Martens hits ‘perfect storm’

With Aaron Martens, it seems like it's always this way: the highest of highs, the lowest of lows.

DETROIT — With Aaron Martens, it seems like it's always this way: the highest of highs, the lowest of lows. It's a big part of what has made his career so fascinating.

But those extremes don’t usually occur so close in time, like they did over the past weekend. This was 48 hours of the biggest rollercoaster ride in bass fishing history.

The high: Rising from 85th place in the first Bassmaster Elite Series event of 2013 to win the Toyota Angler of the Year award on the next-to-last day of the season, in Detroit on Saturday.

The low: Catching the fish to win the Plano Championship Chase on Sunday before a series of waves left him dead in the water. Done. No weigh-in, no trophy, no $100,000 first-place check.

"It was the perfect storm," Martens said. "Monster waves. Monster, monster, monster waves."

The monsters came from opposite sides of Lake Erie as Martens entered the Detroit River channel that would lead him back to the Metro Park weigh-in site at Lake St. Clair. Martens' check-in time Sunday was 3:15. He and cameraman Rick Mason left the water about 6:30 p.m., and they weren't anywhere near Metro Park when Aaron's wife, Lesley, arrived with the boat trailer.

In short, two of the four bolts that connect the motor and jackplate to the boat transom snapped after hitting "the perfect storm."

First of all, don't jump to any false conclusions about equipment failure. If you've seen any of the photo galleries from today's competition, you know that Sunday's competition put equipment of every make and model to the ultimate test. Both Martens and Mason said, once the boat was finally trailered out of the water Sunday, they checked for cracks in the transom and found none.

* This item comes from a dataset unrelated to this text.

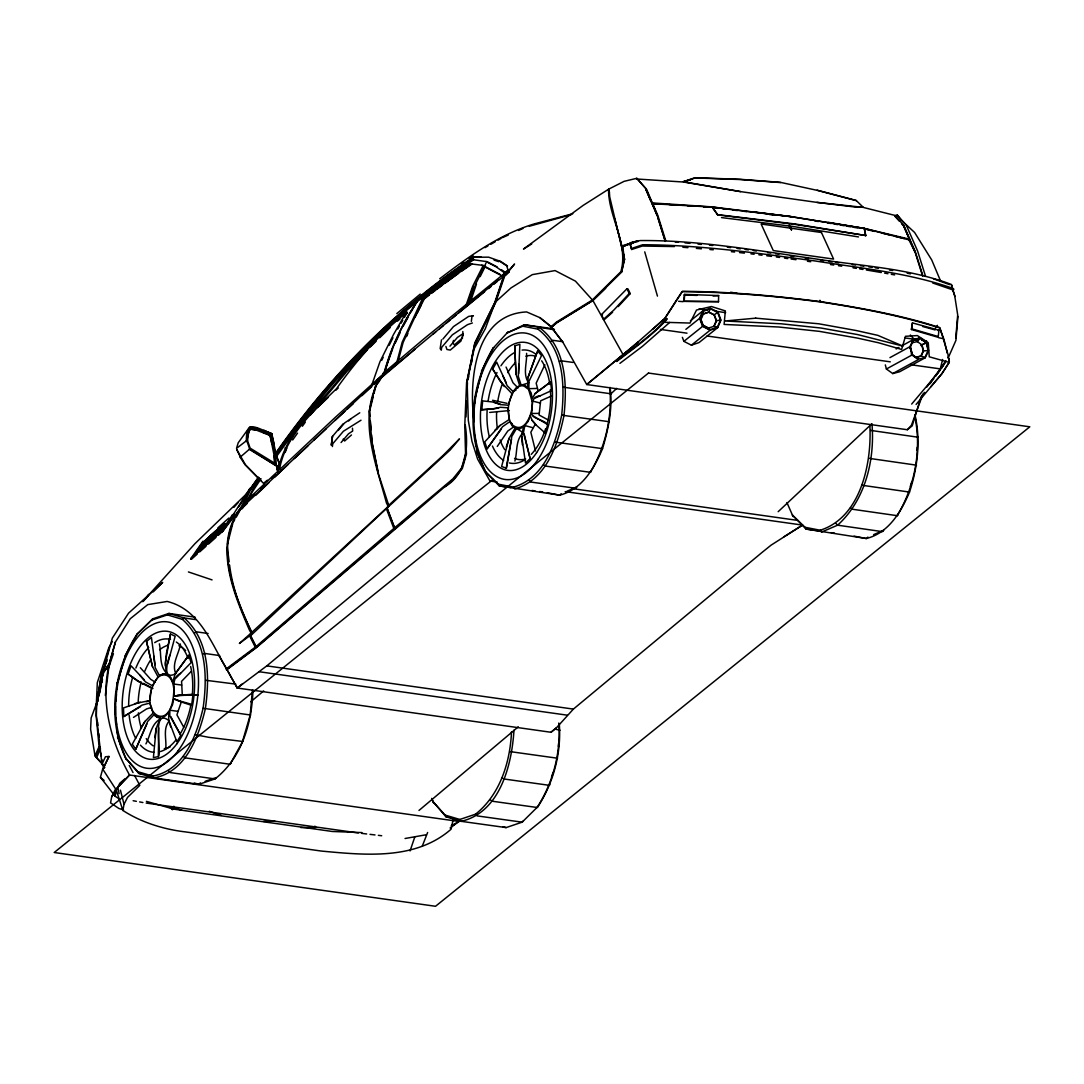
<?xml version="1.0" encoding="UTF-8"?>
<svg xmlns="http://www.w3.org/2000/svg" width="1084" height="1084" viewBox="0 0 1084 1084"><rect width="100%" height="100%" fill="white"/><g stroke="black" fill="none" stroke-linecap="round" stroke-linejoin="round"><path stroke-width="1.5" d="M177.153 695.413C222.234 694.79 182.451 694.505 174.158 696.091C174.971 688.069 170.852 678.245 180.54 673.299M665.319 241.231L656.931 214.442L645.739 188.494L636.809 178.304L624.099 181.34L609.086 188.955L609.357 192.938M631.118 243.941L631.132 242.477L640.088 240.567C698.381 239.984 755.995 250.472 813.528 258.588M146.882 723.949L135.798 749.166L147.695 721.429L154.077 714.6L157.139 717.283L160.473 717.622L156.191 728.353L153.4 757.567L158.305 756.632C162.112 754.166 150.852 706.199 169.294 720.901C162.519 728.678 166.868 739.735 165.703 748.99M174.578 695.928L182.288 695.007L181.57 681.335L191.502 671.118M718.489 301.65L718.651 295.566L684.668 294.374L683.516 301.311L718.489 301.65L683.516 301.311M276.284 464.155L275.512 454.914L271.135 434.44C259.415 430.524 246.678 420.7 247.735 441.174L250.133 448.153L276.284 464.155L274.889 464.806L274.13 455.51L270.133 435.524L256.081 430.009L249.456 428.979M551.241 396.121L540.618 400.823L539.087 415.009L548.626 420.213M717.771 214.903L712.093 206.99L717.771 214.903L794.762 224.361L865.845 235.54L864.165 228.426L791.442 216.719M197.803 551.228L203.819 542.799L225.038 523.707L218.494 533.355L196.082 552.555L203.033 542.678L224.347 523.613L218.738 532.488M383.993 373.953L383.37 373.181L424.887 338.059L504.873 273.046L496.079 266.772L485.971 261.515M465.998 416.947L466.689 400.619M467.177 389.183L467.448 382.652M518.816 364.265L518.328 376.473L521.174 385.213L528.68 382.896C522.502 374.17 527.122 363.126 526.594 353.357M96.273 705.535L97.316 682.568L108.969 647.338L112.37 641.498M921.129 396.581L912.227 425.822L907.362 429.738L586.742 384.535L562.921 342.3L551.444 327.3L557.054 322.544L592.569 300.661L621.579 272.165L624.574 259.401L609.736 196.976L609.086 188.955M540.211 395.85C529.941 396.405 533.247 406.31 531.499 413.505C532.163 419.061 544.168 419.481 547.691 424.616L545.211 433.004L535.903 424.847L532.163 420.457L530.32 415.958L528.138 421.432L524.873 425.321L523.491 432.502L530.13 458.613L525.483 462.963L521.729 436.405M911.427 329.522L912.443 322.897L938.934 330.213L938.27 336.555L937.552 337.124L911.427 329.522L912.443 322.897M202.979 541.201L190.716 558.816L192.153 558.626L197.193 554.127M702.947 326.054L700.671 319.468L703.204 311.243L710.481 308.777L717.635 312.422L720.494 320.078L717.378 327.233L710.115 329.712L702.947 326.054L700.088 318.411L703.204 311.243M481.418 371.256L493.613 347.612L492.719 348.601C471.283 385.213 465.05 433.546 485.578 471.879L499.317 485.944L559.696 495.158C581.959 489.534 594.168 468.369 602.555 448.654C608.341 428.885 612.907 408.045 610.089 387.394M473.708 421.676L474.291 411.608M474.778 403.221L475.077 398.194L481.675 372.34M485.578 471.879L498.315 484.169L513.45 487.123C544.439 478.288 555.848 443.505 561.675 415.145C564.818 385.43 564.073 348.791 537.908 329.143L522.773 326.203L507.082 332.951L524.277 324.753L553.856 328.845M914.977 414.86C920.844 440.551 917.633 467.231 909.53 492.082C901.048 511.797 888.69 532.935 866.373 538.531L806.049 529.06L792.323 514.995L805.06 527.285L820.222 530.239C860.981 517.285 871.848 462.976 869.869 425.592M222.911 527.583L198.738 548.829L222.911 527M684.221 300.729L684.668 294.374M511.512 439.223L506.445 468.234L501.621 466.499L509.046 438.37L515.103 428.031L512.163 425.849L509.832 421.622L502.556 426.717L487.082 448.817L501.364 428.966M955.749 338.154L957.7 314.916L954.679 295.553L951.4 285.458M957.958 316.365L955.912 340.403L948.08 358.194L948.053 354.658L939.896 327.639C901.197 315.078 861.075 308.032 820.981 301.691L820.588 301.637C774.762 295.769 728.705 291.555 682.459 291.339L665.02 318.289L616.484 360.904M431.703 798.42L432.855 801.442L445.036 815.06L459.887 819.463L475.591 814.165C500.117 794.531 510.157 762.228 511.512 731.795M513.979 730.169C511.878 764.789 500.076 812.485 461.147 821.32L445.998 816.808L432.855 801.442M490.253 799.775L492.15 801.211L525.604 805.886L537.108 807.485L538.043 806.442C553.775 782.106 561.444 752.567 559.29 723.692M96.395 705.792L101.246 675.346L107.045 659.478M252.951 690.345C251.908 723.082 241.732 758.014 214.998 778.935L198.86 784.328L154.023 777.946L138.793 773.42L125.568 758.055C106.923 718.787 113.495 670.468 136.747 634.547L152.763 618.828L168.901 613.436L195.12 617.175M115.365 714.559L115.446 706.185M115.907 701.145L116.503 694.424M116.964 689.383L117.045 682.73M125.568 758.055L137.831 771.673L152.776 776.103C184.09 770.168 196.516 735.657 203.074 708.259C207.342 677.893 207.261 641.145 182.288 619.316L167.356 614.885L151.53 620.17L136.747 634.547M252.464 689.898L250.187 715.101L242.315 742.093L230.093 764.274L185.256 757.879L183.386 756.442M277.219 469.48L277.206 465.781M152.532 666.768L146.462 641.484L151.448 637.473L155.053 664.736M498.518 408.18L481.811 409.874L482.665 400.904L493.735 402.096L500.767 404.44M276.759 469.968L276.854 466.052L249.659 449.02L246.84 440.754L250.065 427.245L257.165 428.072M95.826 708.557L96.395 703.882L98.21 700.129M450.104 827.973L459.033 821.469L129.524 775.019C111.042 741.917 100.311 702.92 108.942 665.197L115.419 642.04L130.215 618.774L147.763 604.615L167.166 601.457C199.754 609.384 211.434 643.449 226.827 669.343L237.247 688.028L550.984 732.269L556.404 727.825L573.382 709.099L761.984 552.488L771.009 545.198L802.553 525.09L565.184 491.621M518.626 373.56L519.873 344.36L514.697 345.782L515.998 374.21L519.697 385.619L516.309 387.611L513.084 391.636L507.163 385.674L503.057 376.229M192.871 695.4L191.76 704.356L176.516 700.047M105.324 695.427L109.254 663.693L115.419 642.04M259.008 477.583L249.713 491.011L241.908 508.979L248.168 499.141L335.633 417.042L383.628 373.817M331.338 445.172L332.49 436.391L343.208 423.763M441.486 339.848L440.158 348.547L441.283 350.173L441.689 347.341L452.285 334.888L467.461 324.685L472.367 322.964M331.758 441.513L332.49 436.391L331.257 444.928M332.382 446.554L332.788 443.722L343.398 431.256L361.013 420.213M101.964 682.703L102.452 679.383M102.939 676.077L103.657 672.27L109.633 664.56M153.237 591.878L162.695 582.365L128.562 613.151L112.343 638.083L102.953 671.917L100.175 690.251L96.733 702.473L97.37 703.177L96.666 702.771M154.809 737.594L156.218 728.38M514.914 461.052C517.569 451.649 515.32 439.806 523.287 432.665L516.472 428.532L511.838 436.378L506.201 468.166M521.431 384.725L524.805 385.254L527.705 387.584L528.125 377.124L537.637 350.837M96.733 702.473L101.327 675.088L106.53 661.064M97.641 701.538L98.183 698.245M98.739 694.966L99.294 691.687M99.836 688.394L100.392 685.115M100.934 681.836L101.49 678.543M246.61 441.554L246.353 440.809C246.082 417.95 257.802 429.25 271.528 433.329L276.379 455.388M242.762 507.691C249.415 498.491 252.301 487.312 259.943 478.586M119.132 793.624L117.804 787.35L129.524 775.019L115.202 789.843L111.693 796.74L110.568 802.878L118.847 808.447L123.549 809.951M119.335 799.03L115.189 796.252L116.327 790.101L119.823 783.217L125.026 778.746M453.166 819.49L451.066 829.233C415.416 860.411 364.942 855.113 321.338 851.062L185.12 831.862C163.413 829.287 141.272 822.377 122.885 810.453L124.023 804.314L127.519 797.418L139.809 785.358L134.538 775.412M466.919 382.544L474.86 343.343L495.239 302.206L504.277 275.607L514.575 264.008L509.507 270.282M468.125 379.373L468.789 376.107M471.486 363.018L472.163 359.739M167.627 664.004L175.161 636.227L170.445 634.032L165.215 662.893L166.435 674.411L163.128 673.896L159.456 675.684L155.229 667.69L153.698 655.969M170.445 634.032L166.38 653.638L165.445 665.644M278.371 465.93L279.035 463.003M474.006 421.635C468.925 381.988 473.844 314.333 526.621 311.935L539.846 317.626L550.97 326.758L556.566 322.002L592.189 300.132L620.834 271.759C628.991 244.103 608.219 216.746 608.558 189.253M373.221 396.608L369.576 411.337L369.996 416.351M374.034 393.343L375.66 386.798M926.847 387.029L940.275 368.885L942.633 359.468M107.465 654.37L108.969 648.462M227.464 544.195L232.667 523.897M453.532 340.417L452.855 343.018L454.318 344.915L462.624 337.91M191.367 705.291L181.326 701.958L178.061 711.375L176.936 714.898L183.765 727.283M465.212 424.806C468.762 447.733 466.445 474.778 444.02 487.285M398.031 361.568L403.14 342.395L423.451 298.737L471.188 263.913M115.189 796.252L100.419 777.296L102.682 769.03L109.01 756.442L105.46 756.754L101.95 764.125L103.888 767.364L102.682 769.03L116.327 790.101L111.693 796.74M169.781 655.264C167.532 661.741 161.855 680.955 175.811 673.638C171.299 663.76 179.09 653.76 180.432 643.991M277.694 472.339C284.726 430.985 321.745 403.953 344.807 371.514C364.441 350.525 384.292 329.536 406.757 311.514L393.478 334.59L379.956 361.717L371.826 384.901M279.523 469.358C285.498 435.632 313.317 411.459 336.555 388.628C356.622 360.457 379.088 333.98 406.514 312.693M180.92 701.633L173.792 698.692L172.505 704.871L169.863 710.047L169.768 715.643L180.838 735.386L176.882 741.849L168.725 720.237L168.67 711.931L165.622 715.725L162.166 717.825M465.903 434.765L466.418 454.088L462.34 468.559L453.573 479.277L256.122 647.839L226.57 669.98M528.165 377.042L537.054 352.314M118.034 681.077L124.985 657.256M912.335 354.712L910.303 346.826L912.335 354.712L918.405 359.075L925.235 357.774L928.568 350.647L926.441 342.381L920.086 337.815L913.216 339.617L901.834 345.837M376.636 380.484L383.858 373.858C390.457 348.371 402.123 324.184 416.527 302.26L436.174 286.759L473.613 259.686M374.197 384.359L381.554 377.584L383.343 373.804M506.228 447.069L509.073 438.342M175.025 674.099L188.833 655.197L175.12 673.936L172.79 682.012L170.879 677.568L168.128 674.654M410.05 850.94L414.847 836.807M865.615 235.743L864.409 228.507L791.239 216.678L724.071 208.711M469.372 302.422L475.686 283.9L485.971 263.182M470.7 301L476.486 284.008M107.831 670.048L113.427 653.679M142.776 684.058L128.129 674.18L131.029 665.779L144.24 679.817M466.079 305.2L472.638 286.393L483.315 265.295M467.421 303.75L473.437 286.501M249.727 490.727L240.363 508.423L222.328 531.851L249.456 489.019L250.661 489.453M102.031 675.264L103.779 670.495M285.187 452.434L286.813 448.207L284.997 447.949M101.327 675.088L106.801 660.901M422.191 846.347L427.624 832.485M912.376 342.856L913.487 340.037L920.045 338.316L926.115 342.68L928.148 350.566L924.95 357.354L921.129 356.08L916.129 357.395L911.197 354.007M636.498 179.104L636.809 178.304M145.934 743.881C150.391 735.562 151.123 724.207 160.08 719.099M406.568 336.541L407.869 333.56M535.293 424.223L530.835 432.218L535.496 450.958M685.874 329.346L699.6 318.371L702.852 310.864L710.481 308.262L717.987 312.097L720.995 320.119L717.716 327.612L699.017 342.585L691.402 345.186L683.882 341.352L682.378 337.341M703.055 313.994L708.597 312.111L714.071 314.902L716.253 320.742L713.868 326.203L717.378 327.233M95.026 755.9L99.078 746.605L96.164 715.752L96.395 703.882L91.137 717.933L90.609 729.18L95.026 755.9L102.208 763.746M102.208 763.841L96.53 757.757L100.527 748.773M109.01 756.442L103.888 767.364M392.571 348.804L383.858 373.858M395.362 342.856L400.226 332.422M102.953 671.917L109.254 663.693M889.95 357.625L909.869 346.745L913.216 339.617M909.937 348.045L913.487 340.037M921.129 356.08L923.554 350.891L922.01 344.875L917.078 341.487M622.148 247.044L628.07 244.049L637.392 241.597M535.13 393.573L550.74 381.88L535.252 393.397L532.19 398.6L531.214 393.045L528.816 388.939L528.992 381.324L541.539 355.579L537.623 350.945M922.66 276.163L915.072 252.125L908.934 239.889L909.761 239.239L903.975 225.648L894.896 215.391L863.799 207.559M909.693 240.025L864.165 228.426M219.131 655.766L226.827 669.343L256.38 647.27L250.58 635.739L251.976 632.907C241.393 611.525 232.491 588.815 229.591 565.008M475.524 343.371L495.578 302.802L504.548 276.298L506.716 274.238M480.158 276.61L485.307 266.257M381.69 360.349L383.194 357.327M389.197 345.281L392.95 337.747M543.504 464.711L545.428 466.079L590.36 472.299C605.292 447.177 612.352 417.408 609.831 388.302M415.104 317.138L421.12 305.078M544.846 364.739L536.16 383.18L538.206 390.863M234.13 514.399L232.532 514.724L220.973 531.837L190.716 558.816L192.153 558.517M482.692 265.35L470.199 263.778L422.475 298.601L402.164 342.259L396.636 363.032L391.758 367.151M417.191 312.991L424.291 298.859L429.345 294.983M850.439 507.854L852.363 509.236L897.227 515.686C915.099 485.903 921.888 449.508 914.666 415.429M251.054 633.07L239.374 643.476L249.632 635.861L251.054 633.07L249.306 629.831C233.412 592.853 213.142 545.062 240.363 508.423M145.012 721.348L132.302 744.166L135.798 749.166M537.108 807.485C553.152 782.648 560.997 752.513 558.788 723.042M137.668 633.503L124.755 656.267M403.018 326.474L407.896 317.612M411.148 311.718L414.4 305.81M708.597 312.111L710.481 308.777M397.774 328.967L399.44 326.081M401.094 323.195L402.76 320.308M404.413 317.422L406.906 313.086M504.304 386.582L492.651 369.102L496.675 362.164L506.336 383.072M226.055 669.058L255.282 647.175L256.38 647.27L394.847 528.626L386.947 508.098L387.991 505.984L386.432 502.881C375.836 463.234 356.446 415.47 380.755 377.476L381.487 377.801M675.82 301.176L682.08 291.623C728.258 292.084 774.315 295.851 820.1 301.908L820.764 302.002C860.886 308.127 900.858 315.634 939.584 327.924L943.961 339.306L947.321 353.303M233.06 522.339L234.686 519.71M236.298 517.082L241.055 508.369L380.755 377.476M241.055 508.369C212.898 545.659 234.808 595.672 251.976 632.907M924.625 392.381L921.956 396.69L911.387 425.321L907.362 429.738M675.63 301.474L664.682 318.574L652.5 329.346M140.527 728.34L144.944 721.456L153.034 713.136L149.971 703.055L142.099 705.088L123.861 716.524L140.541 706.632M378.153 382.937L380.647 379.075M949.042 358.818L949.205 362.395L941.766 373.899L930.79 386.798M941.142 368.655L946.088 361.026M949.205 362.395L945.343 361.311L937.362 373.506L911.685 404.061M261.027 478.735L251.867 492.597L248.764 499.738L254.794 494.033M941.183 368.614L944.625 363.411M238.521 507.082L249.103 491.35L194.93 543.694L142.709 601.688M497.271 446.418L507.773 431.026L513.802 426.798M921.644 396.148L923.5 393.397M224.632 524.995L198.738 548.829M233.412 515.564L222.789 531.214L218.467 535.157M221.204 530.32L222.992 527.691M242.125 507.502L248.046 498.776M666.768 318.56C652.798 334.631 634.628 346.907 617.88 360.01M258.385 477.163L248.683 491.147M258.575 477.637L249.266 490.347L249.97 488.315L250.919 488.356M198.399 550.198L203.331 543.328L225.35 523.518M292.666 439.969L297.531 433.112M302.409 426.242L305.336 422.123M616.728 361.514C634.059 348.127 652.487 335.349 667.175 319.075M276.176 456.933L279.116 452.922C318.737 397.571 363.032 344.753 416.527 302.26M275.702 453.098C329.333 376.365 395.687 308.547 473.857 256.772L474.087 256.664M276.23 453.085C329.712 376.527 395.985 308.954 473.938 257.26L488.627 257.165L500.618 261.407L507.529 265.973M275.458 454.684C329.251 377.462 395.89 309.197 474.48 257.138L481.215 257.165M929.977 383.777L933.744 378.736M935.614 376.216L940.316 369.929M144.985 599.493L148.969 594.289L143.142 601.39M935.438 327.883L937.443 325.335M108.942 665.197L102.682 673.272L99.972 691.429L96.706 703.218L96.354 715.25L101.95 764.125M417.137 301.786C402.72 323.669 391.053 347.856 384.454 373.33L388.099 370.24M276.434 453.139L278.534 450.565M249.645 427.055L238.209 442.787L236.529 448.369L246.353 440.809M190.716 558.816L206.014 544.859M920.045 338.316L917.376 341.541L912.078 342.801M916.088 404.467L941.942 373.587L949.327 362.083L949.15 358.37M310.2 415.267L346.623 371.771L366.853 350.335M344.089 373.275L346.243 370.728M338.208 430.456L344.577 422.977L359.752 412.787M341.067 442.543L348.492 433.83L352.639 431.053M442.868 339.062L453.478 326.596L468.654 316.406L473.383 315.742L471.974 316.325L471.35 321.365M449.968 346.162L457.394 337.449L462.909 333.737M500.103 425.362L484.765 441.865L487.082 448.817M243.588 497.597L246.624 494.101M233.927 507.326L238.168 502.542M230.093 764.274L231.014 763.217M590.36 472.299L591.254 471.31M267.369 480.212L263.493 483.315L245.445 464.806L236.718 449.44L240.35 457.041L249.659 449.02M897.227 515.686L898.108 514.71M492.719 348.601L508.274 331.65M547.691 424.616L533.518 416.121M523.369 820.832L522.136 822.173L506.12 827.593L461.147 821.32L459.887 819.463M151.53 620.17L152.763 618.828M620.834 271.759L621.579 272.165L624.316 259.198L622.744 246.014M628.571 290.078L630.238 293.642L629.221 293.493L613.883 310.024L603.517 319.306L601.498 314.577L626.986 288.737L628.002 288.886M618.178 306.623L630.238 293.642M538.043 806.442L522.136 822.173L477.163 815.9L475.591 814.165M370.322 346.88L376.175 341.189M379.685 337.774L390.213 327.531M504.277 275.607L508.491 271.528L506.729 265.865L499.819 261.285M522.773 326.203L524.277 324.753L554.493 329.793M605.726 288.181L592.907 300.553L556.62 322.815L551.444 327.3M561.2 493.721L559.696 495.158L547.339 492.759M242.274 508.098L247.111 503.477M255.567 495.415L268.846 482.746M274.889 476.987L288.181 464.318M867.891 537.095L866.373 538.531L854.016 536.119M260.824 488.328L264.442 484.9M271.664 478.044L275.282 474.629M383.14 332.774L389.224 327.056M317.422 407.57L328.438 397.191M335.796 390.267L338.235 387.964M294.333 458.546L307.883 445.863M314.035 440.09L326.338 428.559M610.59 394.142L616.715 388.384M778.176 511.689L871.319 424.278M167.356 614.885L168.901 613.436L184.144 617.961L195.594 619.601M200.405 782.892L198.86 784.328L194.28 782.973M348.669 420.944L350.877 418.898M494.832 430.294L500.009 425.511L509.114 419.589L508.03 407.828L500.442 407.286L492.854 408.939L481.716 409.617M334.956 420.484L344.766 411.459M347.219 409.196L353.357 403.56M361.934 395.646L371.744 386.622M386.947 508.098L450.09 450.063L459.467 438.898L443.139 455.361L388.56 505.442L387.273 508.477L394.847 528.626L419.251 508.057M945.343 361.311L929.259 356.799L928.256 342.72L917.376 335.566L905.465 336.297L901.617 349.454L878.555 342.774L857.674 338.14L819.45 331.365L778.84 327.016L724.098 324.428L725.359 310.905L711.456 306.528L696.511 310.051L689.993 323.059L669.695 322.449L642.406 346.365L619.899 363.37M222.952 527.041L198.751 548.667M217.843 527.894L228.832 518.057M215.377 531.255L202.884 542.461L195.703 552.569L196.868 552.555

In 2007 in the Elite Series event at Lake Erie, I saw an outboard motor laid on the back deck of one angler's boat. It snapped a cracked transom and hit the concrete boat ramp as it was trailered out of the water that day. Boats – especially bass boats – are made better today than ever before. This is bass fishing's version of NASCAR – the extreme equipment test.

Here's the rest of the story, as briefly as possible, according to Martens and verified by Mason:

"The area I was fishing got calmer than it had been all day the last two hours I was there," Martens said. "I didn't think it was going to be rough going back, but I still left myself plenty of time. After about 20 miles, I started running into 4-footers. I knew then it was going to be bad.

"I didn't expect that at all. But I was still OK on time. Then about a mile from the gas dock, just before you get to the river, the boat wakes were huge."

Martens had planned to gas up at a dock that was about 36 or 37 miles from the weigh-in site. As Lake Erie narrowed into the Detroit River, Martens took the middle between three big boats that were cruising by – two in one direction, one in the other – a 50-footer on one side, two 30- to 35-foot boats on the other. The wind and three big boats combined to create the perfect storm.

"You want to back off plane in that situation," Martens said. "I just caught a wave wrong. It was like a perfect drop-kick into the corner (of a football field). It wasn't that we hit it so hard, we just kind of twisted (upon landing)."

This is one part of Martens' story where Mason disagrees, slightly. He has been operating a video camera for JM Associates-produced TV shows – both in freshwater and saltwater – for over a decade. He's seen some stuff.

"That was the worst shot I've ever taken on a lake," Mason said. "I've probably taken worse in a flats boat in the Gulf."

Martens was dead in the water at that point. You can't operate a 250-horsepower outboard motor that is only halfway attached to a 21-foot bass boat.

"I tried to call Randy Howell, but I couldn't get him," Martens said. "I knew he was the only person that might have been close enough to help me."

At that point, calling anyone on-shore was out of the question. He knew his day was done. So he released the smallmouth bass in his livewells and went into damage control.

"It was such a bummer when I had to release those fish," Martens said. "I had 20 1/2 pounds, according to my scales."

Mason agreed with Martens' unofficial estimate.

If that estimate had been borne out by the official weigh-in scales, it would have been enough to surpass Chris Lane's winning four-day total of 82-4.

Martens, however, did go home with something much bigger than any consolation prize – the AOY title he clinched Saturday. It couldn't be undone by anything that happened Sunday.

"Well, yeah," an inconsolable Martens finally agreed. "It was better than if this had happened Saturday."

Martens said Sunday morning that he'd had only 20 hours sleep since last Sunday, in his effort to win this tournament. That was his goal all week – win the tournament, let the AOY race take care of itself. He couldn't plan on Edwin Evers having a bad event for the first time all season. Evers' bad fortune Thursday and Friday and Martens hard work all week put the big prize in his pocket, the day before the perfect storm.

"I'm exhausted," Martens said, in closing a phone conversation Sunday night. "I'm done."